My bedroom is in a similar state as my soul.  Messy, cluttered, and kind of driving me insane.  The thing is both situations are entirely my fault.

Instead of hanging up my clothes, they have become a mountain covering my ottoman.  Generally, I forget I even have an ottoman and I’ve become increasingly convinced that most of the things in there mustn’t be very important if I never need to access them.  Stacks of unopened letters and papers I should file away add a bit of an overwhelming sense to a place I often use for refuge.  Boxes that need to be broken down for recycling, laundry that ought to be done, and stacks upon stacks of books make my bedroom chaotic.

My soul?  Pretty much the same situation.

There is a great deal of clearing out that needs to happen.  Scripture says to make a highway for Our Lord.  But first, I think I need a plow to come through.  So it is with a heart that loves simplicity yet finds itself attached to abundance that I eagerly head into Lent.

I need Lent.  

I need a time of intentionally striving to conform my will to God’s will.  Yes, I know this is supposed to be the path of the ordinary Christian life.  Lent, however, is a time to dive into that more fully.  Left unattended, my will becomes the predominant force in my life.  I thought about going for a run the other day and I didn’t because it sounded a little uncomfortable.  Taking a shower this morning, I turned the water to warm-hot and my little “sacrifice” was not nudging the faucet a little further so it was pleasantly hot.
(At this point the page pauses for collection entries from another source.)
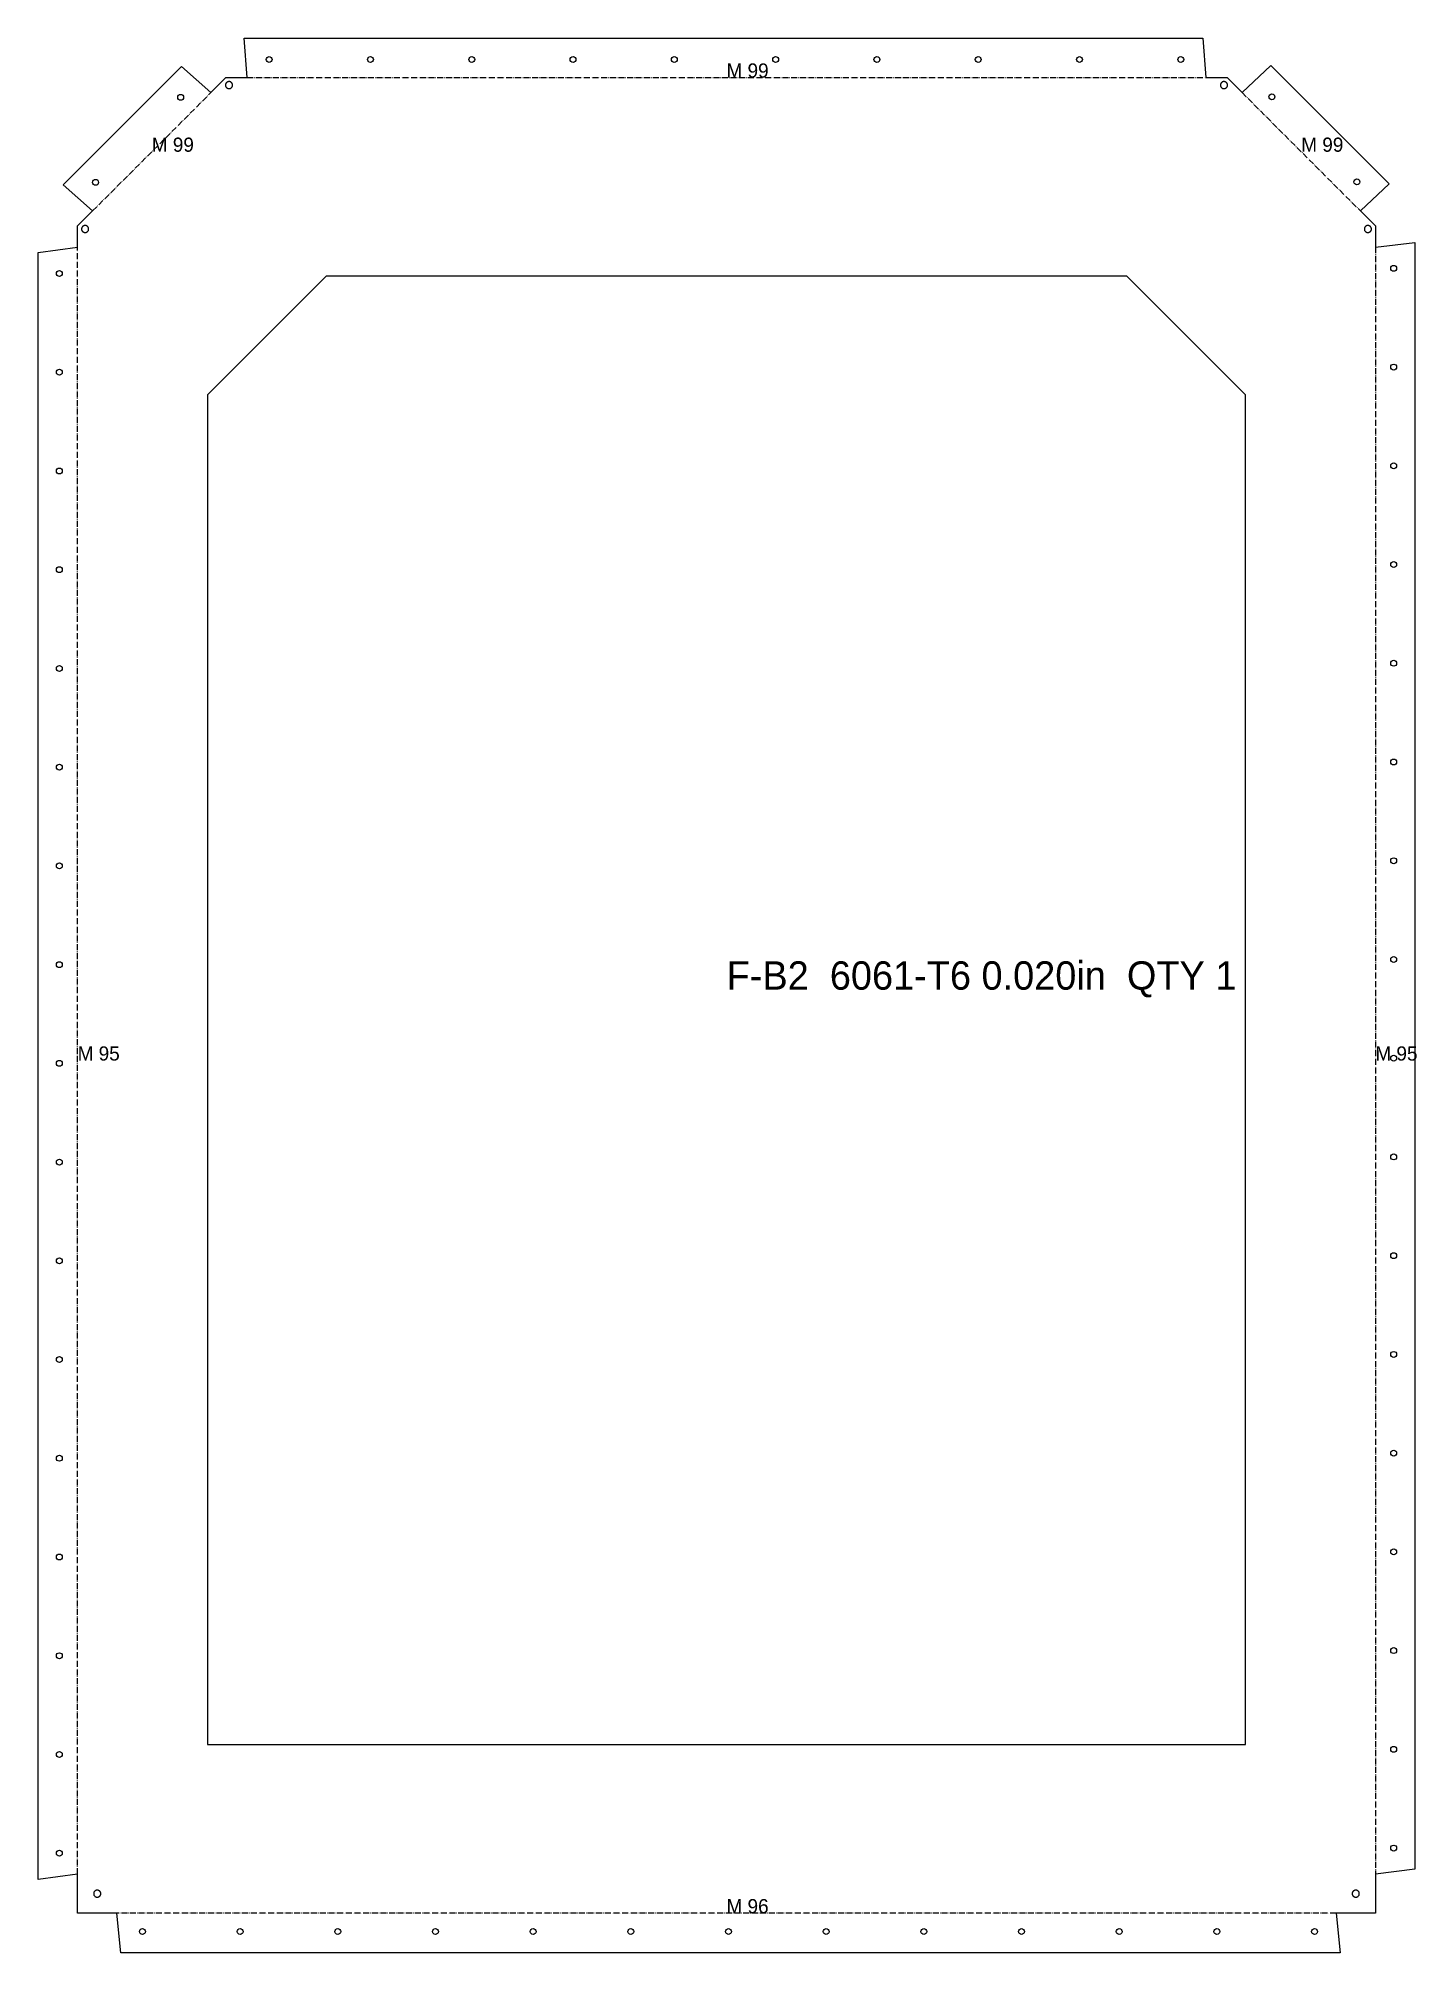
# Model space of a CAD drawing. Header units: millimetres. Extents: x -17 to 567, y -17 to 794.
import ezdxf

# ---------------------------------------------------------------- set-up
doc = ezdxf.new("R2010")
doc.units = ezdxf.units.MM
doc.linetypes.add('DASHDOT', pattern=[3.556, 2.54, -0.508, 0, -0.508])
for name, color, linetype in [('CUT', 7, 'CONTINUOUS'), ('ETCH', 8, 'CONTINUOUS'), ('HOLE', 6, 'CONTINUOUS'), ('MOUNTAIN', 5, 'DASHDOT')]:
    doc.layers.add(name, color=color, linetype=linetype)

msp = doc.modelspace()

# ---------------------------------------------------------------- linework, layer by layer
at = {"layer": 'CUT'}
for points in [[(0, 705.39), (0, 714.35), (6.33, 720.68), (-6.16, 731.74), (43.97, 781.87), (56.47, 770.82), (62.8, 777.15), (71.76, 777.15), (70.46, 793.8), (476.45, 793.8), (477.74, 777.15), (486.7, 777.15), (493.03, 770.82), (505.16, 782.27), (555.29, 732.13), (543.17, 720.68), (549.5, 714.35), (549.5, 705.39), (566.2, 707.41), (566.2, 18.62), (549.5, 16.6), (549.5, 0), (532.9, 0), (534.58, -16.69), (18.28, -16.69), (16.6, 0), (0, 0), (0, 16.6), (-16.65, 14.25), (-16.65, 703.04), (0, 705.39)], [(65.58, 774.28), (65.55, 774.42), (65.5, 774.56), (65.43, 774.69), (65.36, 774.82), (65.27, 774.94), (65.17, 775.04), (65.06, 775.14), (64.94, 775.23), (64.82, 775.31), (64.69, 775.37), (64.55, 775.42), (64.4, 775.45), (64.26, 775.48), (64.11, 775.48), (63.96, 775.48), (63.82, 775.45), (63.68, 775.42), (63.54, 775.37), (63.4, 775.31), (63.28, 775.23), (63.16, 775.14), (63.05, 775.04), (62.95, 774.94), (62.86, 774.82), (62.79, 774.69), (62.73, 774.56), (62.68, 774.42), (62.64, 774.28), (62.62, 774.13), (62.61, 773.98), (62.62, 773.84), (62.64, 773.69), (62.68, 773.55), (62.73, 773.41), (62.79, 773.28), (62.86, 773.15), (62.95, 773.03), (63.05, 772.92), (63.16, 772.82), (63.28, 772.74), (63.4, 772.66), (63.54, 772.6), (63.68, 772.55), (63.82, 772.51), (63.96, 772.49), (64.11, 772.48), (64.26, 772.49), (64.4, 772.51), (64.55, 772.55), (64.69, 772.6), (64.82, 772.66), (64.94, 772.74), (65.06, 772.82), (65.17, 772.92), (65.27, 773.03), (65.36, 773.15), (65.43, 773.28), (65.5, 773.41), (65.55, 773.55), (65.58, 773.69), (65.6, 773.84), (65.61, 773.98), (65.6, 774.13), (65.58, 774.28)], [(486.82, 774.42), (486.77, 774.56), (486.71, 774.69), (486.64, 774.82), (486.55, 774.94), (486.45, 775.04), (486.34, 775.14), (486.22, 775.23), (486.1, 775.31), (485.96, 775.37), (485.82, 775.42), (485.68, 775.45), (485.54, 775.48), (485.39, 775.48), (485.24, 775.48), (485.1, 775.45), (484.95, 775.42), (484.81, 775.37), (484.68, 775.31), (484.56, 775.23), (484.44, 775.14), (484.33, 775.04), (484.23, 774.94), (484.14, 774.82), (484.07, 774.69), (484, 774.56), (483.95, 774.42), (483.92, 774.28), (483.9, 774.13), (483.89, 773.98), (483.9, 773.84), (483.92, 773.69), (483.95, 773.55), (484, 773.41), (484.07, 773.28), (484.14, 773.15), (484.23, 773.03), (484.33, 772.92), (484.44, 772.82), (484.56, 772.74), (484.68, 772.66), (484.81, 772.6), (484.95, 772.55), (485.1, 772.51), (485.24, 772.49), (485.39, 772.48), (485.54, 772.49), (485.68, 772.51), (485.82, 772.55), (485.96, 772.6), (486.1, 772.66), (486.22, 772.74), (486.34, 772.82), (486.45, 772.92), (486.55, 773.03), (486.64, 773.15), (486.71, 773.28), (486.77, 773.41), (486.82, 773.55), (486.86, 773.69), (486.88, 773.84), (486.89, 773.98), (486.88, 774.13), (486.86, 774.28), (486.82, 774.42)], [(4.66, 713.19), (4.64, 713.33), (4.6, 713.47), (4.55, 713.61), (4.49, 713.75), (4.41, 713.87), (4.33, 713.99), (4.23, 714.1), (4.12, 714.2), (4, 714.29), (3.87, 714.36), (3.74, 714.42), (3.6, 714.47), (3.46, 714.51), (3.31, 714.53), (3.17, 714.54), (3.02, 714.53), (2.87, 714.51), (2.73, 714.47), (2.59, 714.42), (2.46, 714.36), (2.33, 714.29), (2.21, 714.2), (2.11, 714.1), (2.01, 713.99), (1.92, 713.87), (1.84, 713.75), (1.78, 713.61), (1.73, 713.47), (1.7, 713.33), (1.67, 713.19), (1.67, 713.04), (1.67, 712.89), (1.7, 712.75), (1.73, 712.6), (1.78, 712.46), (1.84, 712.33), (1.92, 712.21), (2.01, 712.09), (2.11, 711.98), (2.21, 711.88), (2.33, 711.79), (2.46, 711.72), (2.59, 711.65), (2.73, 711.6), (2.87, 711.57), (3.02, 711.55), (3.17, 711.54), (3.31, 711.55), (3.46, 711.57), (3.6, 711.6), (3.74, 711.65), (3.87, 711.72), (4, 711.79), (4.12, 711.88), (4.23, 711.98), (4.33, 712.09), (4.41, 712.21), (4.49, 712.33), (4.55, 712.46), (4.6, 712.6), (4.64, 712.75), (4.66, 712.89), (4.67, 713.04), (4.66, 713.19)], [(547.72, 713.61), (547.66, 713.75), (547.58, 713.87), (547.49, 713.99), (547.39, 714.1), (547.29, 714.2), (547.17, 714.29), (547.04, 714.36), (546.91, 714.42), (546.77, 714.47), (546.63, 714.51), (546.48, 714.53), (546.33, 714.54), (546.19, 714.53), (546.04, 714.51), (545.9, 714.47), (545.76, 714.42), (545.63, 714.36), (545.5, 714.29), (545.38, 714.2), (545.27, 714.1), (545.17, 713.99), (545.09, 713.87), (545.01, 713.75), (544.95, 713.61), (544.9, 713.47), (544.86, 713.33), (544.84, 713.19), (544.83, 713.04), (544.84, 712.89), (544.86, 712.75), (544.9, 712.6), (544.95, 712.46), (545.01, 712.33), (545.09, 712.21), (545.17, 712.09), (545.27, 711.98), (545.38, 711.88), (545.5, 711.79), (545.63, 711.72), (545.76, 711.65), (545.9, 711.6), (546.04, 711.57), (546.19, 711.55), (546.33, 711.54), (546.48, 711.55), (546.63, 711.57), (546.77, 711.6), (546.91, 711.65), (547.04, 711.72), (547.17, 711.79), (547.29, 711.88), (547.39, 711.98), (547.49, 712.09), (547.58, 712.21), (547.66, 712.33), (547.72, 712.46), (547.77, 712.6), (547.8, 712.75), (547.83, 712.89), (547.83, 713.04), (547.83, 713.19), (547.8, 713.33), (547.77, 713.47), (547.72, 713.61)], [(494.55, 71.44), (494.55, 642.91), (444.31, 693.15), (105.19, 693.15), (54.95, 642.91), (54.95, 71.44), (494.55, 71.44)], [(9.62, 9.01), (9.55, 9.14), (9.46, 9.25), (9.36, 9.36), (9.25, 9.46), (9.14, 9.55), (9.01, 9.62), (8.88, 9.69), (8.74, 9.74), (8.59, 9.77), (8.45, 9.79), (8.3, 9.8), (8.15, 9.79), (8.01, 9.77), (7.87, 9.74), (7.73, 9.69), (7.59, 9.62), (7.47, 9.55), (7.35, 9.46), (7.24, 9.36), (7.14, 9.25), (7.05, 9.14), (6.98, 9.01), (6.92, 8.88), (6.87, 8.74), (6.83, 8.59), (6.81, 8.45), (6.8, 8.3), (6.81, 8.15), (6.83, 8.01), (6.87, 7.87), (6.92, 7.73), (6.98, 7.59), (7.05, 7.47), (7.14, 7.35), (7.24, 7.24), (7.35, 7.14), (7.47, 7.05), (7.59, 6.98), (7.73, 6.92), (7.87, 6.87), (8.01, 6.83), (8.15, 6.81), (8.3, 6.8), (8.45, 6.81), (8.59, 6.83), (8.74, 6.87), (8.88, 6.92), (9.01, 6.98), (9.14, 7.05), (9.25, 7.14), (9.36, 7.24), (9.46, 7.35), (9.55, 7.47), (9.62, 7.59), (9.69, 7.73), (9.74, 7.87), (9.77, 8.01), (9.79, 8.15), (9.8, 8.3), (9.79, 8.45), (9.77, 8.59), (9.74, 8.74), (9.69, 8.88), (9.62, 9.01)], [(542.45, 9.14), (542.36, 9.25), (542.26, 9.36), (542.15, 9.46), (542.03, 9.55), (541.91, 9.62), (541.77, 9.69), (541.63, 9.74), (541.49, 9.77), (541.35, 9.79), (541.2, 9.8), (541.05, 9.79), (540.91, 9.77), (540.76, 9.74), (540.62, 9.69), (540.49, 9.62), (540.36, 9.55), (540.25, 9.46), (540.14, 9.36), (540.04, 9.25), (539.95, 9.14), (539.88, 9.01), (539.81, 8.88), (539.76, 8.74), (539.73, 8.59), (539.71, 8.45), (539.7, 8.3), (539.71, 8.15), (539.73, 8.01), (539.76, 7.87), (539.81, 7.73), (539.88, 7.59), (539.95, 7.47), (540.04, 7.35), (540.14, 7.24), (540.25, 7.14), (540.36, 7.05), (540.49, 6.98), (540.62, 6.92), (540.76, 6.87), (540.91, 6.83), (541.05, 6.81), (541.2, 6.8), (541.35, 6.81), (541.49, 6.83), (541.63, 6.87), (541.77, 6.92), (541.91, 6.98), (542.03, 7.05), (542.15, 7.14), (542.26, 7.24), (542.36, 7.35), (542.45, 7.47), (542.52, 7.59), (542.58, 7.73), (542.63, 7.87), (542.67, 8.01), (542.69, 8.15), (542.7, 8.3), (542.69, 8.45), (542.67, 8.59), (542.63, 8.74), (542.58, 8.88), (542.52, 9.01), (542.45, 9.14)]]:
    msp.add_lwpolyline(points, close=True, dxfattribs=at)
at = {"layer": 'HOLE'}
for centre in [(81.11, 784.82), (124, 784.82), (166.89, 784.82), (209.77, 784.82), (252.66, 784.82), (295.55, 784.82), (338.44, 784.82), (381.32, 784.82), (424.21, 784.82), (467.1, 784.82), (43.62, 768.81), (505.7, 769.01), (7.62, 732.81), (541.69, 733.01), (557.25, 696.4), (-7.73, 694.22), (-7.73, 652.42), (557.25, 654.6), (-7.73, 610.62), (557.25, 612.8), (-7.73, 568.82), (557.25, 571), (-7.73, 527.02), (557.25, 529.2), (-7.73, 485.22), (557.25, 487.4), (557.25, 445.6), (-7.73, 443.42), (-7.73, 401.62), (557.25, 403.8), (-7.73, 359.82), (557.25, 362), (-7.73, 318.02), (557.25, 320.21), (-7.73, 276.22), (557.25, 278.41), (-7.73, 234.42), (557.25, 236.61), (557.25, 194.81), (-7.73, 192.63), (557.25, 153.01), (-7.73, 150.83), (-7.73, 109.03), (557.25, 111.21), (-7.73, 67.23), (557.25, 69.41), (-7.73, 25.43), (557.25, 27.61), (27.44, -7.73), (68.8, -7.73), (110.16, -7.73), (151.52, -7.73), (192.87, -7.73), (234.23, -7.73), (275.59, -7.73), (316.95, -7.73), (358.31, -7.73), (399.66, -7.73), (441.02, -7.73), (482.38, -7.73), (523.74, -7.73)]:
    msp.add_circle(centre, 1.25, dxfattribs=at)
at = {"layer": 'MOUNTAIN'}
for p, q in [((6.33, 720.68), (56.47, 770.82)), ((71.76, 777.15), (477.74, 777.15)), ((493.03, 770.82), (543.17, 720.68)), ((0, 16.6), (0, 705.39)), ((549.5, 705.39), (549.5, 16.6)), ((532.9, 0), (16.6, 0))]:
    msp.add_line(p, q, dxfattribs=at)

# ---------------------------------------------------------------- texts
at = {"layer": 'ETCH'}
for s, height, p in [('M 99', 6, (274.75, 777.15)), ('M 99', 6, (31.4, 745.75)), ('M 99', 6, (518.1, 745.75)), ('F-B2  6061-T6 0.020in  QTY 1', 12, (274.81, 391.02)), ('M 95', 6, (0, 361)), ('M 95', 6, (549.5, 361)), ('M 96', 6, (274.75, 0))]:
    msp.add_text(s, height=height, dxfattribs=at).set_placement(p)

doc.saveas('drawing.dxf')

In several occasions lately, I have realized that my will needs to be reigned in and broken a bit.  Gently.  By a Shepherd who isn’t nearly as harsh with me as I would be with myself.  Rather, One with wounds in His hands and a beckoning to come follow Him, to the cross and to a truly abundant life.  A life filled with virtue, joy, and love–an abundance that doesn’t create chaos or clutter.

Lent is a time of refocusing on the Lord.  Every extra thing we do or thing we give up should be oriented toward a deeper relationship with the Lord.  Last year, I gave up coffee.  It was a good exercise in recognizing that what I give up shouldn’t make me more prideful.  The cross of ashes that I was sealed with this morning calls us to embrace the reality that we are sinners in need of redemption.  With that acknowledgement comes the need to admit that I am weak and I need the Lord.

This beautiful penitential season is to be appreciated, not feared or avoided.  Jesus said the gate to Heaven is narrow and few make it.  I need this time of penance to be stripped of what is unnecessary and to focus on the Lord.  If I become small, I might fit through the “eye of the needle” and live the freedom of a life in Christ.

But seek first his kingdom and his righteousness, and all these things shall be yours as well.